[Task item]
Of the entries below, return exactly those lines that fall between the one containing "-24.303300859), (-19, -26.5))" and the one containing "28.717158305), (-110, 26.595837962))", the two end lines included.

Records for the exercise START

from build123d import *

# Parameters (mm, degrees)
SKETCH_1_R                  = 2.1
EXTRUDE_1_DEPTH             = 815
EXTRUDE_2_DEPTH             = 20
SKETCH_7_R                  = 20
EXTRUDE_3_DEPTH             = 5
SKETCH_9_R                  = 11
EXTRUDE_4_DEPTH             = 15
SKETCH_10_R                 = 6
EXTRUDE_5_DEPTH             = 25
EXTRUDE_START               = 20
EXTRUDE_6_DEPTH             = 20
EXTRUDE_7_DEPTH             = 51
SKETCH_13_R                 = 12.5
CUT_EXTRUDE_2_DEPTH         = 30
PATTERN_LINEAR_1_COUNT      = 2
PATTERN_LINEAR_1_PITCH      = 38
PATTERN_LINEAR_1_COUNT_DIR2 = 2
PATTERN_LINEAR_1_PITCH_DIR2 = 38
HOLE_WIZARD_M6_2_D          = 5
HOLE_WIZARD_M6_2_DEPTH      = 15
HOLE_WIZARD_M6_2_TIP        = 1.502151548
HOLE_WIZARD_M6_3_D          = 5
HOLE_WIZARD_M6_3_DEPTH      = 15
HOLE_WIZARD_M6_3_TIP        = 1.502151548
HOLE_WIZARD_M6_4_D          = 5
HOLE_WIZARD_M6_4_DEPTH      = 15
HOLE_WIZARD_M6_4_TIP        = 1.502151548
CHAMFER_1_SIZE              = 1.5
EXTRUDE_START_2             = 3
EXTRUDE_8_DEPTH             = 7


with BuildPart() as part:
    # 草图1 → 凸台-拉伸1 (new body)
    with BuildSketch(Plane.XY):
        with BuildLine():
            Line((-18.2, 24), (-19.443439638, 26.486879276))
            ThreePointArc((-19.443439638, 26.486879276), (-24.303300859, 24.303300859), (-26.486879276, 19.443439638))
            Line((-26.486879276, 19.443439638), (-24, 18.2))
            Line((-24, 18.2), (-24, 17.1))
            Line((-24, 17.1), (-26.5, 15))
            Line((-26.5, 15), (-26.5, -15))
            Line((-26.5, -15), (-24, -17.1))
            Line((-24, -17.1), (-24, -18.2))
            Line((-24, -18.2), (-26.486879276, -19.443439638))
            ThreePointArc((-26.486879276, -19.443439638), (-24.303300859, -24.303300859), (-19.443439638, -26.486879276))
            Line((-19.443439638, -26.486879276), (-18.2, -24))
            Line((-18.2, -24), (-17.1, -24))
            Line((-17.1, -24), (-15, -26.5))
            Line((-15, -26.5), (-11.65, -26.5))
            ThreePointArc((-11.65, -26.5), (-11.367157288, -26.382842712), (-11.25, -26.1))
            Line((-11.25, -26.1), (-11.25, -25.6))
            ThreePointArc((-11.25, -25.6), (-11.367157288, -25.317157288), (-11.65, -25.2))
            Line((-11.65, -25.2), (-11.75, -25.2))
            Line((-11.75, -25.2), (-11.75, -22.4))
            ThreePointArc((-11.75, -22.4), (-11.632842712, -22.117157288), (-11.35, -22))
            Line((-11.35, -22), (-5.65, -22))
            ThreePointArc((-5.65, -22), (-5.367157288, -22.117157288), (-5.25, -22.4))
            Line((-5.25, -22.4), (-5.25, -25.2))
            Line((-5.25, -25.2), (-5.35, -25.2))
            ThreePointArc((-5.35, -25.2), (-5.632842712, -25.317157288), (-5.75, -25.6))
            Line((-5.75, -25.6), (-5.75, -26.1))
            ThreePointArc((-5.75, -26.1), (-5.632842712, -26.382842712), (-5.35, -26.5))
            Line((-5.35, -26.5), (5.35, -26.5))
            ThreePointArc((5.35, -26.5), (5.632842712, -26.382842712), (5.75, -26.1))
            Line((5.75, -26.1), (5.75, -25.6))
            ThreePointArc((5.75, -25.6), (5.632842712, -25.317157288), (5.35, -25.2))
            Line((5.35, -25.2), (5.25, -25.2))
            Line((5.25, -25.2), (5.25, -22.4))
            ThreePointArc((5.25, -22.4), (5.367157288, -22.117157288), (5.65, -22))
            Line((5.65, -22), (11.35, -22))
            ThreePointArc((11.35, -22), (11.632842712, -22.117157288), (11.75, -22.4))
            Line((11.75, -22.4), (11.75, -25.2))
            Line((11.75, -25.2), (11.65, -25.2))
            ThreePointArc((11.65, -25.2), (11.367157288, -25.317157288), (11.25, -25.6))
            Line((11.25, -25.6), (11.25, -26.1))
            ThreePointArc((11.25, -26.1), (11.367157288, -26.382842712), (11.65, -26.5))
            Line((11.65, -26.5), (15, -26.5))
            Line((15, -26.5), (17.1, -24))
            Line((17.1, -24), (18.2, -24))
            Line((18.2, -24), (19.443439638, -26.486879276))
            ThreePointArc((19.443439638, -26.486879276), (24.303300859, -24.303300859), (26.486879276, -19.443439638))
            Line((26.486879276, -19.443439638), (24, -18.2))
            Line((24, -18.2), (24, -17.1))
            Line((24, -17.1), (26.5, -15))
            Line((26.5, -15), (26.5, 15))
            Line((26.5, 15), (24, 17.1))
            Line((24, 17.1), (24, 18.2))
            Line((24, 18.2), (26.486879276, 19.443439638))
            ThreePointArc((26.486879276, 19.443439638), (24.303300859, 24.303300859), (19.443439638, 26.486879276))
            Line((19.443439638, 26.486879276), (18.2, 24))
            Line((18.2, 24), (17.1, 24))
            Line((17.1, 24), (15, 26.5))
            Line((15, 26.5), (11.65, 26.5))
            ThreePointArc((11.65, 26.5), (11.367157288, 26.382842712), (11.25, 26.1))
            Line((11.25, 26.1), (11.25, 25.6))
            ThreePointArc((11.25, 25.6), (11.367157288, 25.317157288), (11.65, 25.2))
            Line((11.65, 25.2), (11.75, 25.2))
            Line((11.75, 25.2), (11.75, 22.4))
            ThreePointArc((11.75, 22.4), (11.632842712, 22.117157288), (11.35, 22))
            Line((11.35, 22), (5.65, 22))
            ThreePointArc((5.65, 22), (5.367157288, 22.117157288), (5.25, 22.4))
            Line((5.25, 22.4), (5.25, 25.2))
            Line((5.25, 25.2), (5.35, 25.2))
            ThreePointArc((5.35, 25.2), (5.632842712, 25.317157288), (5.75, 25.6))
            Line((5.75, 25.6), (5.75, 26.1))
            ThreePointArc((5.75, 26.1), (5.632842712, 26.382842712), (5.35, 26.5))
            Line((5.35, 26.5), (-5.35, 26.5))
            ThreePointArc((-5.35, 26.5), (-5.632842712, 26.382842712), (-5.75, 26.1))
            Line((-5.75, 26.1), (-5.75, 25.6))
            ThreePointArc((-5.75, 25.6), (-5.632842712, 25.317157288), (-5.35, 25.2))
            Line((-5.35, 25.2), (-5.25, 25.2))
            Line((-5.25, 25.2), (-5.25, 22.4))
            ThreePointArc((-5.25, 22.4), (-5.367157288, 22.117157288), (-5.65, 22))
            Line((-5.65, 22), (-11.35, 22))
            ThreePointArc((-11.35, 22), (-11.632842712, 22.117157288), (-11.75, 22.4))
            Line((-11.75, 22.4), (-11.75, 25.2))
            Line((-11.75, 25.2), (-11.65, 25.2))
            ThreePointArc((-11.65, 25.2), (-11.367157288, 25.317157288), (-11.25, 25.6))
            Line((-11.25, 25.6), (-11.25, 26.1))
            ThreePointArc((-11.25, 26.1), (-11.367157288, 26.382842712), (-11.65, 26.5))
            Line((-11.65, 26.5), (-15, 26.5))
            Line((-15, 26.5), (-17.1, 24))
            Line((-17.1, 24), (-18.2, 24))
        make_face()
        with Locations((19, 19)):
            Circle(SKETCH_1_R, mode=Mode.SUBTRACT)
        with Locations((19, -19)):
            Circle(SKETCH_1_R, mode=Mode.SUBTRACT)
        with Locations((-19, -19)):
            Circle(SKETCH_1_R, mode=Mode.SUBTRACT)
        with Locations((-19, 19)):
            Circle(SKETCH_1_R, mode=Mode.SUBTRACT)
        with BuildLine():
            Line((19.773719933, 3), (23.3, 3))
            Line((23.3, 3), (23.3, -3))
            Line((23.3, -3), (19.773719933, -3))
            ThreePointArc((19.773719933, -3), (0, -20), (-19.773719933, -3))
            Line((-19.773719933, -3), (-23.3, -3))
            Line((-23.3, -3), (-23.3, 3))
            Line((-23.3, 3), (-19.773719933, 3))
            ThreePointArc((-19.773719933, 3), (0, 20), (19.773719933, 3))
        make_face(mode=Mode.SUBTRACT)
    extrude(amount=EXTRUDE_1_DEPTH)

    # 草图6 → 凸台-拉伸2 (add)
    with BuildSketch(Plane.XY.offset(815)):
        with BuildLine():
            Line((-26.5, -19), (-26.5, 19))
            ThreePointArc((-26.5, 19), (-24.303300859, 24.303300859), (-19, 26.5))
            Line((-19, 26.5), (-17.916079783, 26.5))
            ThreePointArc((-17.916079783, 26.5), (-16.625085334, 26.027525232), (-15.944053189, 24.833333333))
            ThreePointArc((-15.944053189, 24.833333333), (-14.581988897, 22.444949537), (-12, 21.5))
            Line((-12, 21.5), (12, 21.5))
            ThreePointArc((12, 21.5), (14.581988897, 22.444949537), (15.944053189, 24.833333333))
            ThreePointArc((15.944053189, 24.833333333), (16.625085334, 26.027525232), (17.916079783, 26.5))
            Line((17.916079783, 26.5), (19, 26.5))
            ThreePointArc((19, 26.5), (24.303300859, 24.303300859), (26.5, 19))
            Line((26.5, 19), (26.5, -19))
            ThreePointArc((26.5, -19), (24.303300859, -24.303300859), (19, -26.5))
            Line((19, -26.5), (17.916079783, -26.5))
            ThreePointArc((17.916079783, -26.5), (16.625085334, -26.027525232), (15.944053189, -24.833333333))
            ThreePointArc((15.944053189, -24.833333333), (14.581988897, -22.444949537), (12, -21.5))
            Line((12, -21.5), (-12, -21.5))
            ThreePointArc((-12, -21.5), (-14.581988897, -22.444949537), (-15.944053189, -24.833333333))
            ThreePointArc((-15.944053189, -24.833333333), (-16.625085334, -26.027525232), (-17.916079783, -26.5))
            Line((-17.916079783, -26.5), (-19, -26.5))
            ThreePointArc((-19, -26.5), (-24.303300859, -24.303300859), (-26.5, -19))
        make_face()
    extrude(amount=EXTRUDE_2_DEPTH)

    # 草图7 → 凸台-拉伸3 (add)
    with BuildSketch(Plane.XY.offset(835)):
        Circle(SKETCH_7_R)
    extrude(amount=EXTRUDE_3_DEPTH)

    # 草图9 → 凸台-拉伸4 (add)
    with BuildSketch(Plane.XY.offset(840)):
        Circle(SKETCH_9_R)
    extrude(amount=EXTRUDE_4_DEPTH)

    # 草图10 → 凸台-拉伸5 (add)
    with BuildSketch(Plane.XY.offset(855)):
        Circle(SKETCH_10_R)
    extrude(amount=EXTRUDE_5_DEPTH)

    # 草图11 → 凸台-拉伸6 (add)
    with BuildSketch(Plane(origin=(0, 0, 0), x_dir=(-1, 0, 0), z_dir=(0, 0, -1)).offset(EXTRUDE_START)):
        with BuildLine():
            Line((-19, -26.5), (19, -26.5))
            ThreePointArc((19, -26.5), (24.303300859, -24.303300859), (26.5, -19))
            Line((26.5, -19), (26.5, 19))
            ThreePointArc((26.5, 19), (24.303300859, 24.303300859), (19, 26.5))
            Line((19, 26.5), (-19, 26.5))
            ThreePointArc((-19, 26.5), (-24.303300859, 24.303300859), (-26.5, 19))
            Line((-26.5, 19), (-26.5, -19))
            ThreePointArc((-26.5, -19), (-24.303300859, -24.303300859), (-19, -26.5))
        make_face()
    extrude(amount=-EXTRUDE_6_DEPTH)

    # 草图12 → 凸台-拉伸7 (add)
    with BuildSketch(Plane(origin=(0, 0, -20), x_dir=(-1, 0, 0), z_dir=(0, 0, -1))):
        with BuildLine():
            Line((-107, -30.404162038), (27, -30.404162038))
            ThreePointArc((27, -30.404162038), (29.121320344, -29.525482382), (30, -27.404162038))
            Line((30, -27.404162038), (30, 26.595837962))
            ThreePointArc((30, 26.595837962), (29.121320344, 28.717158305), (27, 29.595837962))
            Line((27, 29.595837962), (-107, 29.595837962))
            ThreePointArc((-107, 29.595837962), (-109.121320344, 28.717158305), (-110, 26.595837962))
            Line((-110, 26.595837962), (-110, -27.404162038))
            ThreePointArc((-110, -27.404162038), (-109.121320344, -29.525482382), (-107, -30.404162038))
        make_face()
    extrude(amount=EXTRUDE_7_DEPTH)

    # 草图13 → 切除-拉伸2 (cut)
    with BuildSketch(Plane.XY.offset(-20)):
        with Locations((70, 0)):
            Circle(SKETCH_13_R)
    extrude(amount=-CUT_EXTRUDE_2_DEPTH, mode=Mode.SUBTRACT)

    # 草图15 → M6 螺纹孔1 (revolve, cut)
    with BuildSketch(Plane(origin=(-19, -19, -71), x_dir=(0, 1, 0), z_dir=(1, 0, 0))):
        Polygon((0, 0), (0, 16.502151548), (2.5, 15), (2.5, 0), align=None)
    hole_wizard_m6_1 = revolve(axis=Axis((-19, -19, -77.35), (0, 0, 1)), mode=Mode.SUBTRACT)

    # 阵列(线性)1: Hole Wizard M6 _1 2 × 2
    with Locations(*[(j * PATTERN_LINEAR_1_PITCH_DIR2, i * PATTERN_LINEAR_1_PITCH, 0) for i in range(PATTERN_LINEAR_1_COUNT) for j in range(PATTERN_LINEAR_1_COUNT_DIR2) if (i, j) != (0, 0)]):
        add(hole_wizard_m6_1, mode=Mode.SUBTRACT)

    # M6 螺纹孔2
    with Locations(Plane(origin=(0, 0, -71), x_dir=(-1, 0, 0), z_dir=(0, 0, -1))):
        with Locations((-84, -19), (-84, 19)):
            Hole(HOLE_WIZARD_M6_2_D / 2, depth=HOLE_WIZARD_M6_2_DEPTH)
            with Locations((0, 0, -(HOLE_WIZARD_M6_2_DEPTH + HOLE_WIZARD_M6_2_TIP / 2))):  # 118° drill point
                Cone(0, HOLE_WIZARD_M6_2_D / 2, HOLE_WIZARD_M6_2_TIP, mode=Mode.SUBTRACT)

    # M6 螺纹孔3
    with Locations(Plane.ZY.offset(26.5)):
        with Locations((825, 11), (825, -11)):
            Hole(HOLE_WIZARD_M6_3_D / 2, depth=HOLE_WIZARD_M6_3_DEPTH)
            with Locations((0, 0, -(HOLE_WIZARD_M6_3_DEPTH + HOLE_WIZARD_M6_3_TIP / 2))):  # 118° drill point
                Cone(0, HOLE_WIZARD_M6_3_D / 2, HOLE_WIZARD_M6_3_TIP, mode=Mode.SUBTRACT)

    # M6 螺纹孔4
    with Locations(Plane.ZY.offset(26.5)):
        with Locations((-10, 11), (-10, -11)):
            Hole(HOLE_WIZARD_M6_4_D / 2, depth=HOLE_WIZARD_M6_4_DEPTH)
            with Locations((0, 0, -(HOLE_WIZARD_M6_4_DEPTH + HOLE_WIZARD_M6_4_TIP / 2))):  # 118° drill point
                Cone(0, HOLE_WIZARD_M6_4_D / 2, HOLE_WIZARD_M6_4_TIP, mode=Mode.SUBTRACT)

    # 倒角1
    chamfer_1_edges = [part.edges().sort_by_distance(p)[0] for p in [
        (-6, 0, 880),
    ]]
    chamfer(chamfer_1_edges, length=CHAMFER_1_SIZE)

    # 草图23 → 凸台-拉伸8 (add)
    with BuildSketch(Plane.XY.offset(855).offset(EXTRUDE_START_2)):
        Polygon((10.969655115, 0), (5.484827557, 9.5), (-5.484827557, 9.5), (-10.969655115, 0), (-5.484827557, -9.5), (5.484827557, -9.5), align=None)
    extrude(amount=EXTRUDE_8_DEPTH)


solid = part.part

Records for the exercise END

[Written answer]
            ThreePointArc((-26.5, -19), (-24.303300859, -24.303300859), (-19, -26.5))
        make_face()
    extrude(amount=-EXTRUDE_6_DEPTH)

    # 草图12 → 凸台-拉伸7 (add)
    with BuildSketch(Plane(origin=(0, 0, -20), x_dir=(-1, 0, 0), z_dir=(0, 0, -1))):
        with BuildLine():
            Line((-107, -30.404162038), (27, -30.404162038))
            ThreePointArc((27, -30.404162038), (29.121320344, -29.525482382), (30, -27.404162038))
            Line((30, -27.404162038), (30, 26.595837962))
            ThreePointArc((30, 26.595837962), (29.121320344, 28.717158305), (27, 29.595837962))
            Line((27, 29.595837962), (-107, 29.595837962))
            ThreePointArc((-107, 29.595837962), (-109.121320344, 28.717158305), (-110, 26.595837962))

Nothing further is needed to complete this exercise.